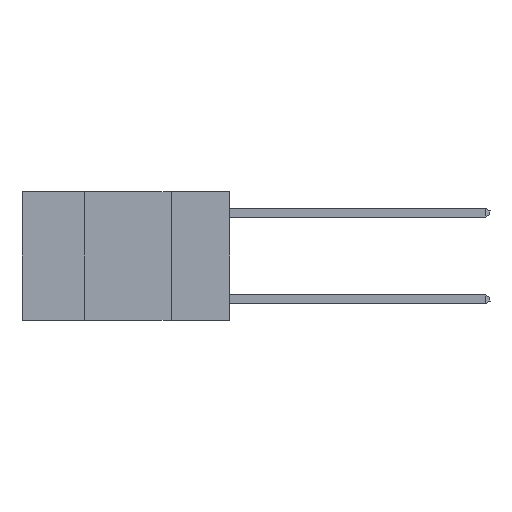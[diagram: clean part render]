
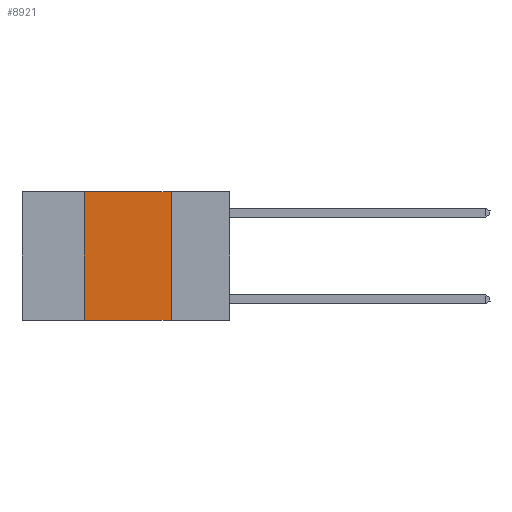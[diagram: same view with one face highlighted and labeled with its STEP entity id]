
A CAD part, left-side view. The second image highlights one B-rep face of the part: STEP entity #8921.
In plain terms, the highlighted planar face has unit normal (-1, 0, 0).
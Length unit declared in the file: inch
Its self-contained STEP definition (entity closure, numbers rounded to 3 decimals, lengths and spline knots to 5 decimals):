
#249 = CARTESIAN_POINT ( 'NONE',  ( 0., 0.17, 0. ) ) ;
#367 = CARTESIAN_POINT ( 'NONE',  ( 0., 0.42, 0. ) ) ;
#1591 = FACE_OUTER_BOUND ( 'NONE', #3844, .T. ) ;
#1935 = VECTOR ( 'NONE', #10996, 39.37008 ) ;
#2228 = LINE ( 'NONE', #367, #4007 ) ;
#2273 = ORIENTED_EDGE ( 'NONE', *, *, #11515, .F. ) ;
#2288 = AXIS2_PLACEMENT_3D ( 'NONE', #6293, #12084, #4267 ) ;
#2688 = CARTESIAN_POINT ( 'NONE',  ( 0., 0.6, -0.37 ) ) ;
#3844 = EDGE_LOOP ( 'NONE', ( #11193, #8082, #2273, #8482 ) ) ;
#4007 = VECTOR ( 'NONE', #11177, 39.37008 ) ;
#4008 = LINE ( 'NONE', #249, #1935 ) ;
#4267 = DIRECTION ( 'NONE',  ( 0., 0., -1. ) ) ;
#4619 = DIRECTION ( 'NONE',  ( 0., -1., 0. ) ) ;
#4730 = VERTEX_POINT ( 'NONE', #8017 ) ;
#6154 = VECTOR ( 'NONE', #6553, 39.37008 ) ;
#6293 = CARTESIAN_POINT ( 'NONE',  ( 0., 0.6, 0. ) ) ;
#6553 = DIRECTION ( 'NONE',  ( 0., -1., 0. ) ) ;
#6796 = VERTEX_POINT ( 'NONE', #11514 ) ;
#6952 = EDGE_CURVE ( 'NONE', #4730, #7086, #8387, .T. ) ;
#7086 = VERTEX_POINT ( 'NONE', #10450 ) ;
#7902 = CARTESIAN_POINT ( 'NONE',  ( 0., 0.17, 0. ) ) ;
#8017 = CARTESIAN_POINT ( 'NONE',  ( 0., 0.42, -0.37 ) ) ;
#8082 = ORIENTED_EDGE ( 'NONE', *, *, #10497, .F. ) ;
#8387 = LINE ( 'NONE', #2688, #6154 ) ;
#8482 = ORIENTED_EDGE ( 'NONE', *, *, #6952, .T. ) ;
#8921 = ADVANCED_FACE ( 'NONE', ( #1591 ), #9106, .F. ) ;
#9106 = PLANE ( 'NONE',  #2288 ) ;
#10450 = CARTESIAN_POINT ( 'NONE',  ( 0., 0.17, -0.37 ) ) ;
#10497 = EDGE_CURVE ( 'NONE', #6796, #11152, #12303, .T. ) ;
#10996 = DIRECTION ( 'NONE',  ( 0., 0., -1. ) ) ;
#11147 = EDGE_CURVE ( 'NONE', #11152, #7086, #4008, .T. ) ;
#11152 = VERTEX_POINT ( 'NONE', #7902 ) ;
#11177 = DIRECTION ( 'NONE',  ( 0., 0., 1. ) ) ;
#11193 = ORIENTED_EDGE ( 'NONE', *, *, #11147, .F. ) ;
#11514 = CARTESIAN_POINT ( 'NONE',  ( 0., 0.42, 0. ) ) ;
#11515 = EDGE_CURVE ( 'NONE', #4730, #6796, #2228, .T. ) ;
#11954 = VECTOR ( 'NONE', #4619, 39.37008 ) ;
#12084 = DIRECTION ( 'NONE',  ( 1., 0., 0. ) ) ;
#12167 = CARTESIAN_POINT ( 'NONE',  ( 0., 0.6, 0. ) ) ;
#12303 = LINE ( 'NONE', #12167, #11954 ) ;

========================================

> **WORK INSTRUCTIONS**: In the entries above, find the line with "Its self-contained STEP" and the line with "#367 = CARTESIAN_POINT", then restate word for word both of them and every line between, with nothing more.

> **WRITTEN SOLUTION**:
Its self-contained STEP definition (entity closure, numbers rounded to 3 decimals, lengths and spline knots to 5 decimals):
#249 = CARTESIAN_POINT ( 'NONE',  ( 0., 0.17, 0. ) ) ;
#367 = CARTESIAN_POINT ( 'NONE',  ( 0., 0.42, 0. ) ) ;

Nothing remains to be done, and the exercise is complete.